Holistic, sustainable secondary prevention for chronic disease

  • Family walking on sidewalk of rural street

[Image: Millie Clery]

Recent research undertaken in rural and remote areas of North Queensland proposes that provision of secondary prevention in these areas could be improved through health system changes. These include referrals to community nurses and Aboriginal and Torres Strait Islander Health Professionals (ATSIHP); increased coordination, communication and collaboration; and multidisciplinary health care based on hospital discharge plans that include risk management. To be successful, revised systems require in-service education, policies and guidelines, together with improved communication, coordination and collaboration between healthcare professionals and organisations.

The research included extensive consultation and data collection from healthcare staff and community members, to investigate support for people discharged from hospital following treatment for heart disease. Findings indicated that rural and remote areas rarely received holistic post-discharge secondary prevention in their home community, despite nurses or ATSIHP being available.

Nurses and ATSIHP in rural and remote areas were supported by resident or visiting allied health professionals (AHP) and medical staff, who delivered face-to-face, telehealth or telephone services. However, there were low levels of holistic care and secondary prevention, plus low coordination, communication and collaboration between health service providers and organisations. Overall, healthcare systems were weak.

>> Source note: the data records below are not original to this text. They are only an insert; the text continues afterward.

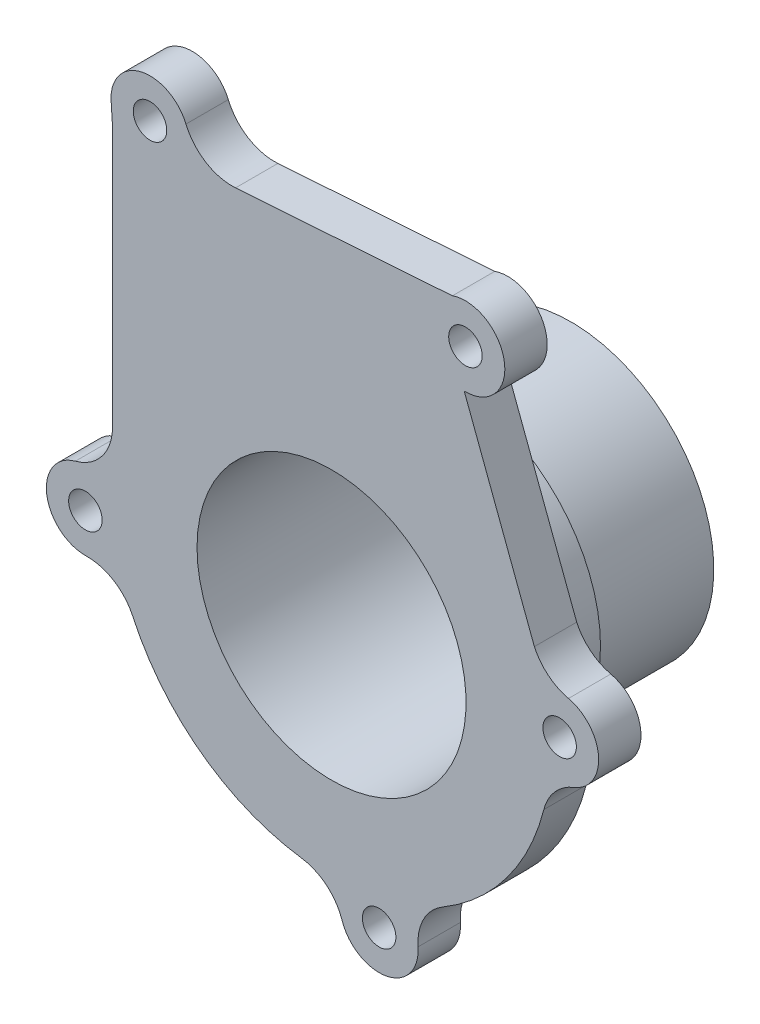
ISO-10303-21;
HEADER;
FILE_DESCRIPTION(('STEP AP214'),'2;1');
FILE_NAME('part.step','',(''),(''),'','','');
FILE_SCHEMA(('AUTOMOTIVE_DESIGN { 1 0 10303 214 1 1 1 1 }'));
ENDSEC;
DATA;
#1=APPLICATION_CONTEXT('core data for automotive mechanical design processes');
#2=APPLICATION_PROTOCOL_DEFINITION('international standard','automotive_design',2000,#1);
#3=PRODUCT_CONTEXT('',#1,'mechanical');
#4=PRODUCT('Part','Part','',(#3));
#5=PRODUCT_RELATED_PRODUCT_CATEGORY('part','',(#4));
#6=PRODUCT_DEFINITION_FORMATION('','',#4);
#7=PRODUCT_DEFINITION_CONTEXT('part definition',#1,'design');
#8=PRODUCT_DEFINITION('design','',#6,#7);
#9=PRODUCT_DEFINITION_SHAPE('','',#8);
#10=(LENGTH_UNIT() NAMED_UNIT(*) SI_UNIT(.MILLI.,.METRE.));
#11=(NAMED_UNIT(*) PLANE_ANGLE_UNIT() SI_UNIT($,.RADIAN.));
#12=(NAMED_UNIT(*) SI_UNIT($,.STERADIAN.) SOLID_ANGLE_UNIT());
#13=UNCERTAINTY_MEASURE_WITH_UNIT(LENGTH_MEASURE(1.E-05),#10,'distance_accuracy_value','');
#14=(GEOMETRIC_REPRESENTATION_CONTEXT(3) GLOBAL_UNCERTAINTY_ASSIGNED_CONTEXT((#13)) GLOBAL_UNIT_ASSIGNED_CONTEXT((#10,
#11,#12)) REPRESENTATION_CONTEXT('',''));
#15=CARTESIAN_POINT('',(0.,0.,0.));
#16=DIRECTION('',(0.,0.,1.));
#17=DIRECTION('',(1.,0.,0.));
#18=AXIS2_PLACEMENT_3D('',#15,#16,#17);
#19=CARTESIAN_POINT('',(52.8528625136495,-60.985277100375,-43.5));
#20=DIRECTION('',(0.,0.,-1.));
#21=DIRECTION('',(-1.,0.,0.));
#22=AXIS2_PLACEMENT_3D('',#19,#20,#21);
#23=PLANE('',#22);
#24=CARTESIAN_POINT('',(-42.3390203978951,65.23,-43.5));
#25=DIRECTION('',(0.,0.,-1.));
#26=DIRECTION('',(-1.,0.,0.));
#27=AXIS2_PLACEMENT_3D('',#24,#25,#26);
#28=CIRCLE('',#27,3.39999999999999);
#29=CARTESIAN_POINT('',(-45.7390203978951,65.23,-43.5));
#30=VERTEX_POINT('',#29);
#31=EDGE_CURVE('E670',#30,#30,#28,.F.);
#32=ORIENTED_EDGE('',*,*,#31,.F.);
#33=EDGE_LOOP('',(#32));
#34=FACE_BOUND('',#33,.T.);
#35=CARTESIAN_POINT('',(4.17391620101742,-53.35,-43.5));
#36=DIRECTION('',(0.,0.,-1.));
#37=DIRECTION('',(-1.,0.,0.));
#38=AXIS2_PLACEMENT_3D('',#35,#36,#37);
#39=CIRCLE('',#38,3.39999999999999);
#40=CARTESIAN_POINT('',(0.773916201017422,-53.35,-43.5));
#41=VERTEX_POINT('',#40);
#42=EDGE_CURVE('E337',#41,#41,#39,.F.);
#43=ORIENTED_EDGE('',*,*,#42,.F.);
#44=EDGE_LOOP('',(#43));
#45=FACE_BOUND('',#44,.T.);
#46=CARTESIAN_POINT('',(-55.4554330708661,-9.83324806785494,-43.5));
#47=DIRECTION('',(0.,0.,-1.));
#48=DIRECTION('',(-1.,0.,0.));
#49=AXIS2_PLACEMENT_3D('',#46,#47,#48);
#50=CIRCLE('',#49,7.92);
#51=CARTESIAN_POINT('',(-57.49,-2.17903763105122,-43.5));
#52=VERTEX_POINT('',#51);
#53=CARTESIAN_POINT('',(-55.28,-17.7513048520442,-43.5));
#54=VERTEX_POINT('',#53);
#55=EDGE_CURVE('E280',#52,#54,#50,.F.);
#56=ORIENTED_EDGE('',*,*,#55,.T.);
#57=CARTESIAN_POINT('',(-55.0547395718603,-27.9182867810235,-43.5));
#58=DIRECTION('',(0.,0.,-1.));
#59=DIRECTION('',(-1.,0.,0.));
#60=AXIS2_PLACEMENT_3D('',#57,#58,#59);
#61=CIRCLE('',#60,10.1694770664315);
#62=CARTESIAN_POINT('',(-45.8263926624487,-23.6455970983729,-43.5));
#63=VERTEX_POINT('',#62);
#64=EDGE_CURVE('E283',#54,#63,#61,.T.);
#65=ORIENTED_EDGE('',*,*,#64,.T.);
#66=CARTESIAN_POINT('',(-5.49,-4.97,-43.5));
#67=DIRECTION('',(0.,0.,-1.));
#68=DIRECTION('',(-1.,0.,0.));
#69=AXIS2_PLACEMENT_3D('',#66,#67,#68);
#70=CIRCLE('',#69,44.45);
#71=CARTESIAN_POINT('',(-11.5860314959817,-49.,-43.5));
#72=VERTEX_POINT('',#71);
#73=EDGE_CURVE('E288',#72,#63,#70,.T.);
#74=ORIENTED_EDGE('',*,*,#73,.F.);
#75=CARTESIAN_POINT('',(-12.9794101236346,-59.064,-43.5));
#76=DIRECTION('',(0.,0.,-1.));
#77=DIRECTION('',(-1.,0.,0.));
#78=AXIS2_PLACEMENT_3D('',#75,#76,#77);
#79=CIRCLE('',#78,10.16);
#80=CARTESIAN_POINT('',(-3.3401515252682,-55.8530353982301,-43.5));
#81=VERTEX_POINT('',#80);
#82=EDGE_CURVE('E367',#72,#81,#79,.T.);
#83=ORIENTED_EDGE('',*,*,#82,.T.);
#84=CARTESIAN_POINT('',(4.17391620101742,-53.35,-43.5));
#85=DIRECTION('',(0.,0.,-1.));
#86=DIRECTION('',(-1.,0.,0.));
#87=AXIS2_PLACEMENT_3D('',#84,#85,#86);
#88=CIRCLE('',#87,7.92);
#89=CARTESIAN_POINT('',(12.0729621051327,-52.774262382088,-43.5));
#90=VERTEX_POINT('',#89);
#91=EDGE_CURVE('E365',#81,#90,#88,.F.);
#92=ORIENTED_EDGE('',*,*,#91,.T.);
#93=CARTESIAN_POINT('',(22.2060815982908,-52.0356898823423,-43.5));
#94=DIRECTION('',(0.,0.,-1.));
#95=DIRECTION('',(-1.,0.,0.));
#96=AXIS2_PLACEMENT_3D('',#93,#94,#95);
#97=CIRCLE('',#96,10.16);
#98=CARTESIAN_POINT('',(17.0533222311669,-43.2792824623716,-43.5));
#99=VERTEX_POINT('',#98);
#100=EDGE_CURVE('E363',#90,#99,#97,.T.);
#101=ORIENTED_EDGE('',*,*,#100,.T.);
#102=CARTESIAN_POINT('',(-5.49,-4.97,-43.5));
#103=DIRECTION('',(0.,0.,-1.));
#104=DIRECTION('',(-1.,0.,0.));
#105=AXIS2_PLACEMENT_3D('',#102,#103,#104);
#106=CIRCLE('',#105,44.45);
#107=CARTESIAN_POINT('',(37.6,-15.8812052496504,-43.5));
#108=VERTEX_POINT('',#107);
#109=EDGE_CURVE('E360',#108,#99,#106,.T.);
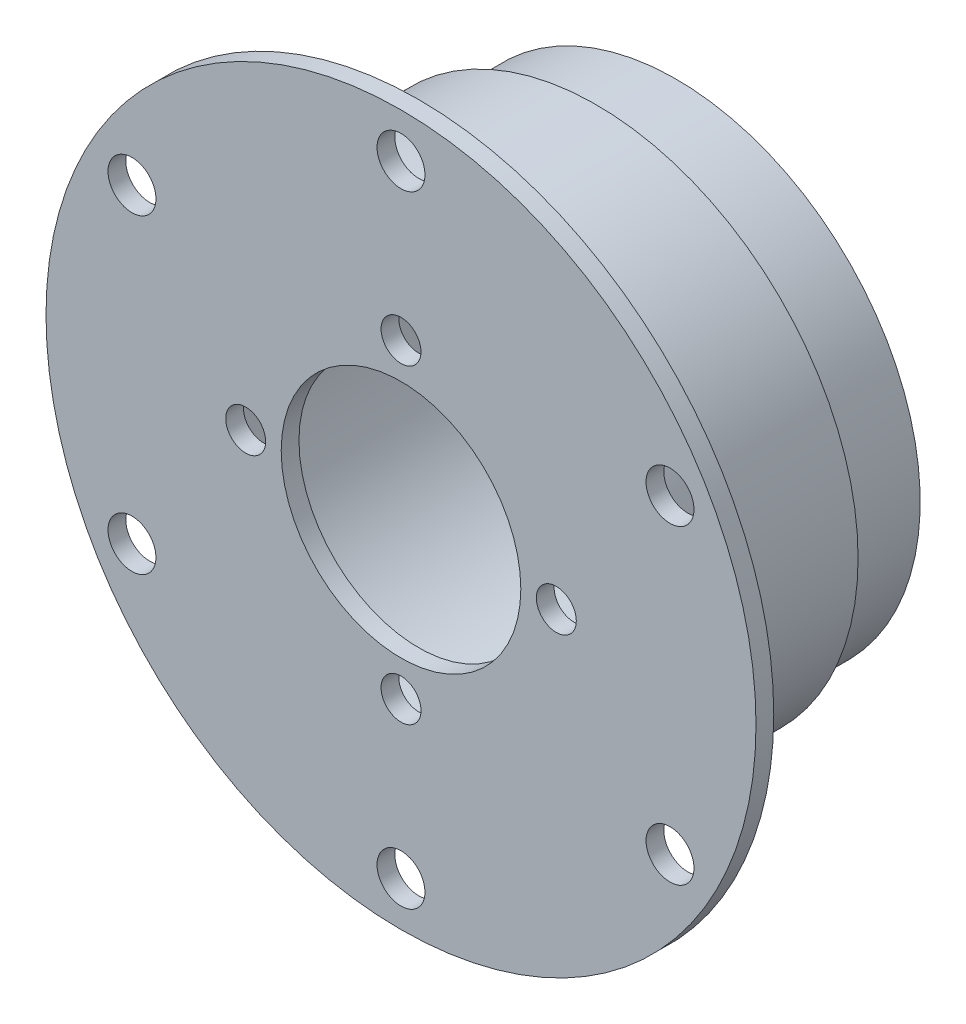
ISO-10303-21;
HEADER;
FILE_DESCRIPTION(('STEP AP214'),'2;1');
FILE_NAME('part.step','',(''),(''),'','','');
FILE_SCHEMA(('AUTOMOTIVE_DESIGN { 1 0 10303 214 1 1 1 1 }'));
ENDSEC;
DATA;
#1=APPLICATION_CONTEXT('core data for automotive mechanical design processes');
#2=APPLICATION_PROTOCOL_DEFINITION('international standard','automotive_design',2000,#1);
#3=PRODUCT_CONTEXT('',#1,'mechanical');
#4=PRODUCT('Part','Part','',(#3));
#5=PRODUCT_RELATED_PRODUCT_CATEGORY('part','',(#4));
#6=PRODUCT_DEFINITION_FORMATION('','',#4);
#7=PRODUCT_DEFINITION_CONTEXT('part definition',#1,'design');
#8=PRODUCT_DEFINITION('design','',#6,#7);
#9=PRODUCT_DEFINITION_SHAPE('','',#8);
#10=(LENGTH_UNIT() NAMED_UNIT(*) SI_UNIT(.MILLI.,.METRE.));
#11=(NAMED_UNIT(*) PLANE_ANGLE_UNIT() SI_UNIT($,.RADIAN.));
#12=(NAMED_UNIT(*) SI_UNIT($,.STERADIAN.) SOLID_ANGLE_UNIT());
#13=UNCERTAINTY_MEASURE_WITH_UNIT(LENGTH_MEASURE(1.E-05),#10,'distance_accuracy_value','');
#14=(GEOMETRIC_REPRESENTATION_CONTEXT(3) GLOBAL_UNCERTAINTY_ASSIGNED_CONTEXT((#13)) GLOBAL_UNIT_ASSIGNED_CONTEXT((#10,
#11,#12)) REPRESENTATION_CONTEXT('',''));
#15=CARTESIAN_POINT('',(0.,0.,0.));
#16=DIRECTION('',(0.,0.,1.));
#17=DIRECTION('',(1.,0.,0.));
#18=AXIS2_PLACEMENT_3D('',#15,#16,#17);
#19=CARTESIAN_POINT('',(0.,0.,-29.));
#20=DIRECTION('',(0.,0.,-1.));
#21=DIRECTION('',(-1.,0.,0.));
#22=AXIS2_PLACEMENT_3D('',#19,#20,#21);
#23=PLANE('',#22);
#24=CARTESIAN_POINT('',(25.,0.,-29.));
#25=DIRECTION('',(0.,0.,-1.));
#26=DIRECTION('',(-1.,0.,0.));
#27=AXIS2_PLACEMENT_3D('',#24,#25,#26);
#28=CIRCLE('',#27,1.24999999999999);
#29=CARTESIAN_POINT('',(23.75,0.,-29.));
#30=VERTEX_POINT('',#29);
#31=EDGE_CURVE('E72',#30,#30,#28,.T.);
#32=ORIENTED_EDGE('',*,*,#31,.F.);
#33=EDGE_LOOP('',(#32));
#34=FACE_BOUND('',#33,.T.);
#35=CARTESIAN_POINT('',(0.,25.,-29.));
#36=DIRECTION('',(0.,0.,-1.));
#37=DIRECTION('',(-1.,0.,0.));
#38=AXIS2_PLACEMENT_3D('',#35,#36,#37);
#39=CIRCLE('',#38,1.24999999999999);
#40=CARTESIAN_POINT('',(-1.25,25.,-29.));
#41=VERTEX_POINT('',#40);
#42=EDGE_CURVE('E71',#41,#41,#39,.T.);
#43=ORIENTED_EDGE('',*,*,#42,.F.);
#44=EDGE_LOOP('',(#43));
#45=FACE_BOUND('',#44,.T.);
#46=CARTESIAN_POINT('',(-25.,0.,-29.));
#47=DIRECTION('',(0.,0.,-1.));
#48=DIRECTION('',(-1.,0.,0.));
#49=AXIS2_PLACEMENT_3D('',#46,#47,#48);
#50=CIRCLE('',#49,1.24999999999999);
#51=CARTESIAN_POINT('',(-26.25,0.,-29.));
#52=VERTEX_POINT('',#51);
#53=EDGE_CURVE('E82',#52,#52,#50,.T.);
#54=ORIENTED_EDGE('',*,*,#53,.F.);
#55=EDGE_LOOP('',(#54));
#56=FACE_BOUND('',#55,.T.);
#57=CARTESIAN_POINT('',(0.,-25.,-29.));
#58=DIRECTION('',(0.,0.,-1.));
#59=DIRECTION('',(-1.,0.,0.));
#60=AXIS2_PLACEMENT_3D('',#57,#58,#59);
#61=CIRCLE('',#60,1.24999999999999);
#62=CARTESIAN_POINT('',(-1.25,-25.,-29.));
#63=VERTEX_POINT('',#62);
#64=EDGE_CURVE('E88',#63,#63,#61,.T.);
#65=ORIENTED_EDGE('',*,*,#64,.F.);
#66=EDGE_LOOP('',(#65));
#67=FACE_BOUND('',#66,.T.);
#68=CARTESIAN_POINT('',(0.,0.,-29.));
#69=DIRECTION('',(0.,0.,-1.));
#70=DIRECTION('',(-1.,0.,0.));
#71=AXIS2_PLACEMENT_3D('',#68,#69,#70);
#72=CIRCLE('',#71,21.5);
#73=CARTESIAN_POINT('',(21.5,0.,-29.));
#74=VERTEX_POINT('',#73);
#75=EDGE_CURVE('E104',#74,#74,#72,.T.);
#76=ORIENTED_EDGE('',*,*,#75,.F.);
#77=EDGE_LOOP('',(#76));
#78=FACE_BOUND('',#77,.T.);
#79=CARTESIAN_POINT('',(0.,0.,-29.));
#80=DIRECTION('',(0.,0.,-1.));
#81=DIRECTION('',(-1.,0.,0.));
#82=AXIS2_PLACEMENT_3D('',#79,#80,#81);
#83=CIRCLE('',#82,27.5);
#84=CARTESIAN_POINT('',(-27.5,0.,-29.));
#85=VERTEX_POINT('',#84);
#86=EDGE_CURVE('E94',#85,#85,#83,.T.);
#87=ORIENTED_EDGE('',*,*,#86,.T.);
#88=EDGE_LOOP('',(#87));
#89=FACE_BOUND('',#88,.T.);
#90=ADVANCED_FACE('F40',(#34,#45,#56,#67,#78,#89),#23,.T.);
#91=CARTESIAN_POINT('',(0.,0.,-29.));
#92=DIRECTION('',(0.,0.,1.));
#93=DIRECTION('',(1.,0.,0.));
#94=AXIS2_PLACEMENT_3D('',#91,#92,#93);
#95=CYLINDRICAL_SURFACE('',#94,29.5);
#96=CARTESIAN_POINT('',(0.,0.,0.));
#97=DIRECTION('',(0.,0.,1.));
#98=DIRECTION('',(1.,0.,0.));
#99=AXIS2_PLACEMENT_3D('',#96,#97,#98);
#100=CIRCLE('',#99,29.5);
#101=CARTESIAN_POINT('',(29.5,0.,0.));
#102=VERTEX_POINT('',#101);
#103=EDGE_CURVE('E11',#102,#102,#100,.F.);
#104=CARTESIAN_POINT('',(0.,0.,-20.));
#105=DIRECTION('',(0.,0.,-1.));
#106=DIRECTION('',(-1.,0.,0.));
#107=AXIS2_PLACEMENT_3D('',#104,#105,#106);
#108=CIRCLE('',#107,29.5);
#109=CARTESIAN_POINT('',(29.5,0.,-20.));
#110=VERTEX_POINT('',#109);
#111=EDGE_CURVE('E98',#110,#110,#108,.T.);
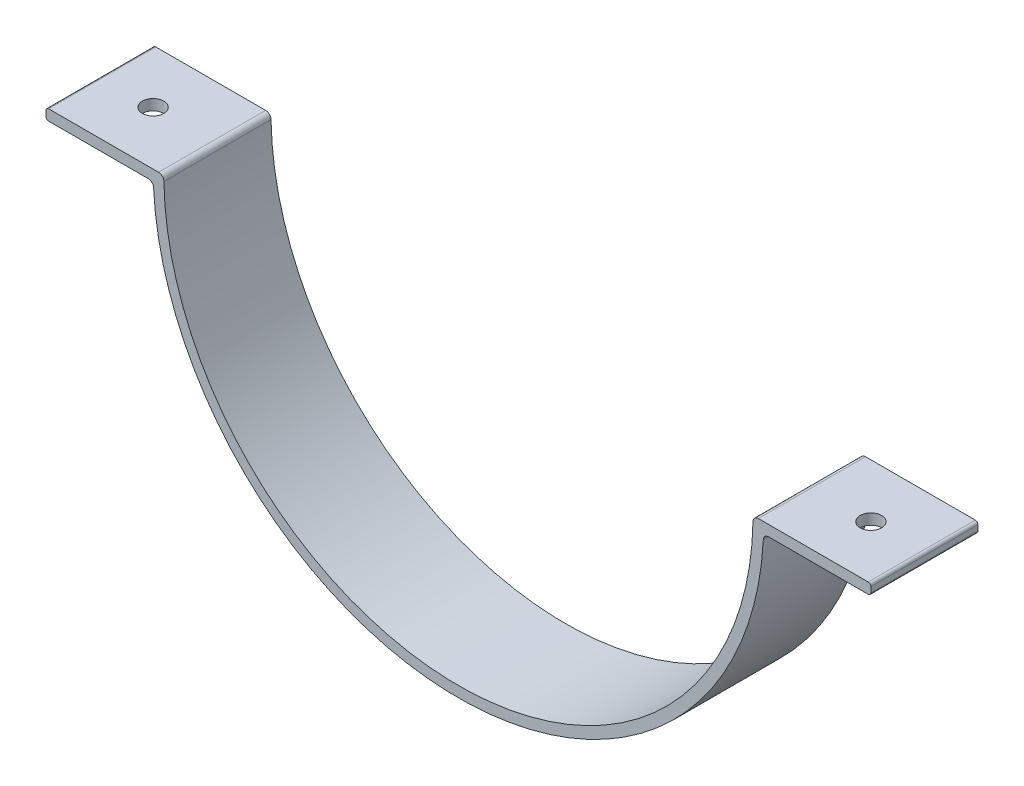
ISO-10303-21;
HEADER;
FILE_DESCRIPTION(('STEP AP214'),'2;1');
FILE_NAME('part.step','',(''),(''),'','','');
FILE_SCHEMA(('AUTOMOTIVE_DESIGN { 1 0 10303 214 1 1 1 1 }'));
ENDSEC;
DATA;
#1=APPLICATION_CONTEXT('core data for automotive mechanical design processes');
#2=APPLICATION_PROTOCOL_DEFINITION('international standard','automotive_design',2000,#1);
#3=PRODUCT_CONTEXT('',#1,'mechanical');
#4=PRODUCT('Part','Part','',(#3));
#5=PRODUCT_RELATED_PRODUCT_CATEGORY('part','',(#4));
#6=PRODUCT_DEFINITION_FORMATION('','',#4);
#7=PRODUCT_DEFINITION_CONTEXT('part definition',#1,'design');
#8=PRODUCT_DEFINITION('design','',#6,#7);
#9=PRODUCT_DEFINITION_SHAPE('','',#8);
#10=(LENGTH_UNIT() NAMED_UNIT(*) SI_UNIT(.MILLI.,.METRE.));
#11=(NAMED_UNIT(*) PLANE_ANGLE_UNIT() SI_UNIT($,.RADIAN.));
#12=(NAMED_UNIT(*) SI_UNIT($,.STERADIAN.) SOLID_ANGLE_UNIT());
#13=UNCERTAINTY_MEASURE_WITH_UNIT(LENGTH_MEASURE(1.E-05),#10,'distance_accuracy_value','');
#14=(GEOMETRIC_REPRESENTATION_CONTEXT(3) GLOBAL_UNCERTAINTY_ASSIGNED_CONTEXT((#13)) GLOBAL_UNIT_ASSIGNED_CONTEXT((#10,
#11,#12)) REPRESENTATION_CONTEXT('',''));
#15=CARTESIAN_POINT('',(0.,0.,0.));
#16=DIRECTION('',(0.,0.,1.));
#17=DIRECTION('',(1.,0.,0.));
#18=AXIS2_PLACEMENT_3D('',#15,#16,#17);
#19=CARTESIAN_POINT('',(-57.9223618302983,-3.,20.));
#20=DIRECTION('',(0.,0.,-1.));
#21=DIRECTION('',(-1.,0.,0.));
#22=AXIS2_PLACEMENT_3D('',#19,#20,#21);
#23=CYLINDRICAL_SURFACE('',#22,1.);
#24=CARTESIAN_POINT('',(-57.9223618302983,-3.,0.));
#25=DIRECTION('',(0.,0.,-1.));
#26=DIRECTION('',(1.,0.,0.));
#27=AXIS2_PLACEMENT_3D('',#24,#25,#26);
#28=CIRCLE('',#27,1.);
#29=CARTESIAN_POINT('',(-57.9223618302983,-2.,0.));
#30=VERTEX_POINT('',#29);
#31=CARTESIAN_POINT('',(-56.9237004194311,-2.94827586206897,0.));
#32=VERTEX_POINT('',#31);
#33=EDGE_CURVE('E178',#30,#32,#28,.T.);
#34=ORIENTED_EDGE('',*,*,#33,.T.);
#35=DIRECTION('',(0.,0.,-1.));
#36=VECTOR('',#35,1.);
#37=CARTESIAN_POINT('',(-56.9237004194311,-2.94827586206897,20.));
#38=LINE('',#37,#36);
#39=CARTESIAN_POINT('',(-56.9237004194311,-2.94827586206897,20.));
#40=VERTEX_POINT('',#39);
#41=EDGE_CURVE('E11',#40,#32,#38,.T.);
#42=ORIENTED_EDGE('',*,*,#41,.F.);
#43=CARTESIAN_POINT('',(-57.9223618302983,-3.,20.));
#44=DIRECTION('',(0.,0.,-1.));
#45=DIRECTION('',(1.,0.,0.));
#46=AXIS2_PLACEMENT_3D('',#43,#44,#45);
#47=CIRCLE('',#46,1.);
#48=CARTESIAN_POINT('',(-57.9223618302983,-2.,20.));
#49=VERTEX_POINT('',#48);
#50=EDGE_CURVE('E211',#49,#40,#47,.T.);
#51=ORIENTED_EDGE('',*,*,#50,.F.);
#52=DIRECTION('',(0.,0.,-1.));
#53=VECTOR('',#52,1.);
#54=CARTESIAN_POINT('',(-57.9223618302983,-2.,20.));
#55=LINE('',#54,#53);
#56=EDGE_CURVE('E174',#49,#30,#55,.T.);
#57=ORIENTED_EDGE('',*,*,#56,.T.);
#58=EDGE_LOOP('',(#34,#42,#51,#57));
#59=FACE_BOUND('',#58,.T.);
#60=ADVANCED_FACE('F32',(#59),#23,.F.);
#61=CARTESIAN_POINT('',(0.,0.,20.));
#62=DIRECTION('',(0.,0.,-1.));
#63=DIRECTION('',(-1.,0.,0.));
#64=AXIS2_PLACEMENT_3D('',#61,#62,#63);
#65=CYLINDRICAL_SURFACE('',#64,57.);
#66=CARTESIAN_POINT('',(0.,0.,0.));
#67=DIRECTION('',(0.,0.,1.));
#68=DIRECTION('',(1.,0.,0.));
#69=AXIS2_PLACEMENT_3D('',#66,#67,#68);
#70=CIRCLE('',#69,57.);
#71=CARTESIAN_POINT('',(56.9237004194311,-2.94827586206896,0.));
#72=VERTEX_POINT('',#71);
#73=EDGE_CURVE('E181',#32,#72,#70,.T.);
#74=ORIENTED_EDGE('',*,*,#73,.T.);
#75=DIRECTION('',(0.,0.,-1.));
#76=VECTOR('',#75,1.);
#77=CARTESIAN_POINT('',(56.9237004194311,-2.94827586206896,20.));
#78=LINE('',#77,#76);
#79=CARTESIAN_POINT('',(56.9237004194311,-2.94827586206896,20.));
#80=VERTEX_POINT('',#79);
#81=EDGE_CURVE('E41',#80,#72,#78,.T.);
#82=ORIENTED_EDGE('',*,*,#81,.F.);
#83=CARTESIAN_POINT('',(0.,0.,20.));
#84=DIRECTION('',(0.,0.,1.));
#85=DIRECTION('',(1.,0.,0.));
#86=AXIS2_PLACEMENT_3D('',#83,#84,#85);
#87=CIRCLE('',#86,57.);
#88=EDGE_CURVE('E117',#40,#80,#87,.T.);
#89=ORIENTED_EDGE('',*,*,#88,.F.);
#90=ORIENTED_EDGE('',*,*,#41,.T.);
#91=EDGE_LOOP('',(#74,#82,#89,#90));
#92=FACE_BOUND('',#91,.T.);
#93=ADVANCED_FACE('F309',(#92),#65,.T.);
#94=CARTESIAN_POINT('',(57.9223618302983,-3.,20.));
#95=DIRECTION('',(0.,0.,-1.));
#96=DIRECTION('',(-1.,0.,0.));
#97=AXIS2_PLACEMENT_3D('',#94,#95,#96);
#98=CYLINDRICAL_SURFACE('',#97,1.);
#99=CARTESIAN_POINT('',(57.9223618302983,-3.,0.));
#100=DIRECTION('',(0.,0.,-1.));
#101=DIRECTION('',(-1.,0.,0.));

Nurses reported that they felt confident with providing clinical care but lacked confidence in chronic disease risk factor management. AHP expressed frustration at predominantly receiving referrals for people with joint problems and surgery or back and neck pain, rather than for holistic secondary prevention, which is part of their role. ATSIHP frequently reported being under-utilised and disempowered.

No standardised system for chronic disease secondary prevention was found. However, the diabetes education and self-management program provides an example of an effective secondary prevention program. This program is led by nurses or AHP who have received specialist training – diabetes educators (DE). The DE role includes disease management, education and coordination of multidisciplinary care that includes AHP and medical officers who provide holistic, multidisciplinary risk factor management.

Overall, research findings indicated that AHP and ATSIHP are generally not utilised to their full scope of practice in rural and remote areas. ATSIHP who live and work in their local community, and speak the local language, were commonly not supported to provide holistic, culturally appropriate care. Nurses were limited in their ability to provide holistic care due to delay or absence of hospital discharge referrals and discharge plans, and lack of confidence to provide risk factor management.

Western medical care continues to be predominant in healthcare delivery. This approach lacks flexible, client-centred, multidisciplinary care and contributes to people not attending appointments, disempowerment and cultural barriers. Aboriginal Community Controlled Health Organisations provide an example of holistic, flexible, culturally responsive care that could be utilised effectively.

To build on strengths and address weaknesses, it is proposed that healthcare systems are revised. Identified changes include the development and implementation of:

  1. hospital discharge plans that include recommendations for risk factor management and AHP referral, sent to community nurses or ATSIHP in the client’s local community
  2. guidelines and procedures for management and coordination of holistic post-discharge health care, including risk factor management and client education, leading to self-management
  3. in-service education for nurses and ATSIHP on chronic disease secondary prevention and risk factor management
  4. case management meetings and sharing of healthcare information between the multidisciplinary team involved in the client’s care.

Through systems change, revised policies, guidelines and education, it is proposed that flexible, holistic health care could be provided in rural and remote areas by community nurses, nurse practitioners and ATSIHP who coordinate a multidisciplinary team approach to provide culturally responsive secondary prevention for people in their local community with chronic disease. Such a model could result in improved health care and outcomes, reduced hospitalisations, improved staff satisfaction and potentially reduced staff turnover – and needs to be trialled.